Thank you for your suggestions!

Would you mind telling me what horror stories you've heard? I'm very interested to know what can go wrong with SAE. 

:smile2:


----------



## Freemananana (Jan 2, 2015)

p2002 said:


> Thank you for your suggestions!
> 
> Would you mind telling me what horror stories you've heard? I'm very interested to know what can go wrong with SAE.
> 
> :smile2:


Here's a thread to identify 'true' SAEs. Many are mislabeled and sold as SAEs despite not being one. 

http://www.plantedtank.net/forums/21-fish/871729-true-sae.html

I just searched SAE on this site and here are two threads with some negative stories:

http://www.plantedtank.net/forums/21-fish/874721-saes.html

http://www.plantedtank.net/forums/2...e-all-my-algae-now-going-after-my-plants.html

My opinion is they do get lazy when they get older and they are big fish. They need a lot of tank. Most importantly, like all fish, you don't know the exact temperament of the fish you are buying.


----------



## p2002 (Nov 25, 2015)

Freemananana said:


> My opinion is they do get lazy when they get older and they are big fish.
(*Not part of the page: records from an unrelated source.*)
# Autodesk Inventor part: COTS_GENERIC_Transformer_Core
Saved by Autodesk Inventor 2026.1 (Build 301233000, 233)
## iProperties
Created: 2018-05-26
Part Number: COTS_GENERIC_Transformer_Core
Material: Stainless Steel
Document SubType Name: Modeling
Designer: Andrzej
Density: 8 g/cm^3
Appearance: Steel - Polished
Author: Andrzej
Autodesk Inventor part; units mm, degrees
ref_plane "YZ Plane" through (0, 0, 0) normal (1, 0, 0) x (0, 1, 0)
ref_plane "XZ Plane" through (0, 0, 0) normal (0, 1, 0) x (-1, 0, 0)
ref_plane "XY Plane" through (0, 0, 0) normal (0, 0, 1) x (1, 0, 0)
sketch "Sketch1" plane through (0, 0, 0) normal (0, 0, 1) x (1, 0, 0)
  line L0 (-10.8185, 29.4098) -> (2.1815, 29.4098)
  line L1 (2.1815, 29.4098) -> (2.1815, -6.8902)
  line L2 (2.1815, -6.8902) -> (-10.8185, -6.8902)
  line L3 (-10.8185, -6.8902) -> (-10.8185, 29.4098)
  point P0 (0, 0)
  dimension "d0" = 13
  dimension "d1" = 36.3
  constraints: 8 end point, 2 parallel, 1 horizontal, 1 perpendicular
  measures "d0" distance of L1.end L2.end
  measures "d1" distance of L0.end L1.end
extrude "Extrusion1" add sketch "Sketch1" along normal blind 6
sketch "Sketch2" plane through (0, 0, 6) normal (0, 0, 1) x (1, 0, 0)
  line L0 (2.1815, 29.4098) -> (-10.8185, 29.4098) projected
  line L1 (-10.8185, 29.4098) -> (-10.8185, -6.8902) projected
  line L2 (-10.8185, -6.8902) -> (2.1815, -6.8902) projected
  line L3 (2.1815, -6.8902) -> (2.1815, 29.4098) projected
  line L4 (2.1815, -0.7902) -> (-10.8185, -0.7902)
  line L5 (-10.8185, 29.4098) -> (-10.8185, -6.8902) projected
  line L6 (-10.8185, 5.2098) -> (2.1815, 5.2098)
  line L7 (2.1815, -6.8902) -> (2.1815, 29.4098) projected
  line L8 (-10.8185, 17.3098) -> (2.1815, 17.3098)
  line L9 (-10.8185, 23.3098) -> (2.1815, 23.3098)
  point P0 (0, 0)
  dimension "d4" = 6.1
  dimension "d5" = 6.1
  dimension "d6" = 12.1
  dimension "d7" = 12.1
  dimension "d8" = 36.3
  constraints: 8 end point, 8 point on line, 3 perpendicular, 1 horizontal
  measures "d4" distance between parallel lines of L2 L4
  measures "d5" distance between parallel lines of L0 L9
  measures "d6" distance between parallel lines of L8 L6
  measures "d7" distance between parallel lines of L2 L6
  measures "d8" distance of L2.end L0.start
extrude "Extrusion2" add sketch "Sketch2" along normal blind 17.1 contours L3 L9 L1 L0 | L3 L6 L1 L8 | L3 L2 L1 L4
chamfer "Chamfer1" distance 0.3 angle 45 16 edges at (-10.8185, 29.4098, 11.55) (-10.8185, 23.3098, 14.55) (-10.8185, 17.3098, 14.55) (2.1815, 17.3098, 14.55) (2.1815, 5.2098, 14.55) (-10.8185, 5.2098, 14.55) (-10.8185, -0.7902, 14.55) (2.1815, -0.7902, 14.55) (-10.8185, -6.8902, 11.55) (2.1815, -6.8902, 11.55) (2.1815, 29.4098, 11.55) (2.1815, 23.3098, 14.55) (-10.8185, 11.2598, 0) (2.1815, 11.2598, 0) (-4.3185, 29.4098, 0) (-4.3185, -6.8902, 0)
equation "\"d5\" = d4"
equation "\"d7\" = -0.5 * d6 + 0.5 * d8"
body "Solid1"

They need a lot of tank. Most importantly, like all fish, you don't know the exact temperament of the fish you are buying.


Yikes! Those stories are scary (and a bit hilarious). SAE does sound like a crapshoot. Thanks for the warning!


----------



## ericwithac (Mar 19, 2015)

p2002 said:


> Thank you for your reply! I do see my ottos working hard at cleaning the glass. However they just don't seem to want to eat the black algae on the leaves of plants. In your experience do they eventually eat the black algae off plants?


Ah, i must not have read clearly. No, they will not eat BBA. I had some dalmation mollies that would occasionally snack on it, but I don't think it would be enough to solve your issue.


----------



## Freemananana (Jan 2, 2015)

p2002 said:


> Yikes! Those stories are scary (and a bit hilarious). SAE does sound like a crapshoot. Thanks for the warning!


No worries.

Looking at your sig, you definitely have a lot of light for no CO2 in your tank. The Ray2 alone can carpet plants with a pressurized CO2 setup. You do not have a very wide tank, so you should be able to get even spread with a single fixture. 

Via Finnex on this forum:


----------



## p2002 (Nov 25, 2015)

Freemananana said:


> The Ray2 alone can carpet plants with a pressurized CO2 setup.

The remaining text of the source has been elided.